In oxygenated irrigation, there are problems of large oxygenated bubble particles, low oxygen concentration in water, and mismatch with current irrigation systems. In this paper, numerical simulation of micro-nano bubble releaser was carried out and the development of oxygenated irrigation equipment was studied. The release method of dissolved gas was selected to generate micro-nano bubbles after comparing different micro-nano bubble generation methods. The basic structure of the core-component releaser of generating micro-nano bubbles was initially determined. Effects of different structures of the release device on water aeration performance were studied by CFD analysis method. An optimal structure of the releaser was determined with orthogonal experiments based on a single factor experiment.
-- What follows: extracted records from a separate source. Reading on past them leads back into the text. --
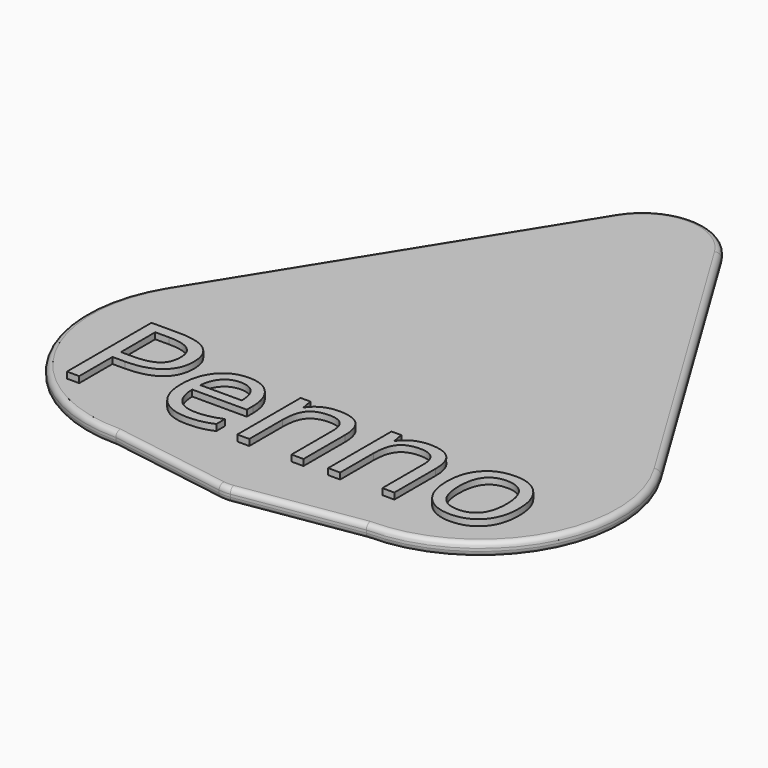
from build123d import *

# Parameters (mm, degrees)
F1_DEPTH     = 0.75
F2_R         = 0.3
F3_TEXT_SIZE = 8.3242287082
F4_DEPTH     = 0.35


# Not quite as in the source:
# - Text() gives the source's letters only with a copy of the font that has no kerning and outlines rounded to 1/6400 em; it was checked with that copy


with BuildPart() as f1:
    # F0 (on Top) → F1 (new body)
    with BuildSketch(Plane.XY):
        with BuildLine():
            ThreePointArc((28.5764611286, -0.0004187508), (35.5507607242, 4.0804159043), (35.4097939417, 12.1596605903))
            Line((35.4097939417, 12.1596605903), (24.5952321598, 29.9234919771))
            ThreePointArc((24.5952321598, 29.9234919771), (21.6225781062, 31.6034164312), (18.6338332418, 29.9522888077))
            Line((18.6338332418, 29.9522888077), (7.6056713814, 12.225464446))
            ThreePointArc((7.6056713814, 12.225464446), (7.4257161114, 4.0776940705), (14.4819868729, 0))
            Line((14.4819868729, 0), (21.1514078331, -1.0717175252))
            ThreePointArc((21.1514078331, -1.0717175252), (21.4658679186, -1.0970476205), (21.7803989603, -1.0726143869))
            Line((21.7803989603, -1.0726143869), (28.5764611286, -0.0004187508))
        make_face()
    extrude(amount=F1_DEPTH)

    # F2
    f2_edges = [f1.edges().sort_by_distance(p)[0] for p in [
        (7.425716, 4.077694, 0.75),
        (17.816697, -0.535859, 0.75),
        (25.17843, -0.536517, 0.75),
        (21.465868, -1.097048, 0.75),
        (35.550761, 4.080416, 0.75),
        (30.002513, 21.041576, 0.75),
        (13.119752, 21.088877, 0.75),
        (21.622578, 31.603416, 0.75),
        (25.17843, -0.536517, 0),
        (35.550761, 4.080416, 0),
        (30.002513, 21.041576, 0),
        (21.622578, 31.603416, 0),
        (13.119752, 21.088877, 0),
        (7.425716, 4.077694, 0),
        (17.816697, -0.535859, 0),
        (21.465868, -1.097048, 0),
    ]]
    fillet(f2_edges, radius=F2_R)

    # F3 (on face) → F4 (join)
    with BuildSketch(Plane.XY.offset(0.75)):
        with Locations((8.8589425069, 2.5744373579)):
            Text('Penno', F3_TEXT_SIZE, font='Open Sans', text_align=(TextAlign.LEFT, TextAlign.BOTTOM))
    extrude(amount=F4_DEPTH)


solid = f1.part

The structural parameters included a throat of a 3 mm diameter, a 2 mm thick turbulent cavity, a six-degree exit angle, and two outlets. Optimal inlet and outlet pressure difference of the release device was 0.3 MPa. The bubble had an average particle size of 373.1 nm as measured. The release device was fabricated by 3D printing technology and the micro-nano bubble aeration irrigation device was developed. The system function test was carried out. Under the standard state, the performance parameters of the micro-nano bubble aerator included the maximum oxygen concentration of 11.4 mg/L, a total oxygen transfer coefficient of 0.4139 min-1, 0.0114 kg/h oxygenation capacity, and 60.81% oxygen utilization rate. The device had advantages of a high oxygen-increasing efficiency and a small volume, making it quite prospective in the field of oxygenated irrigation.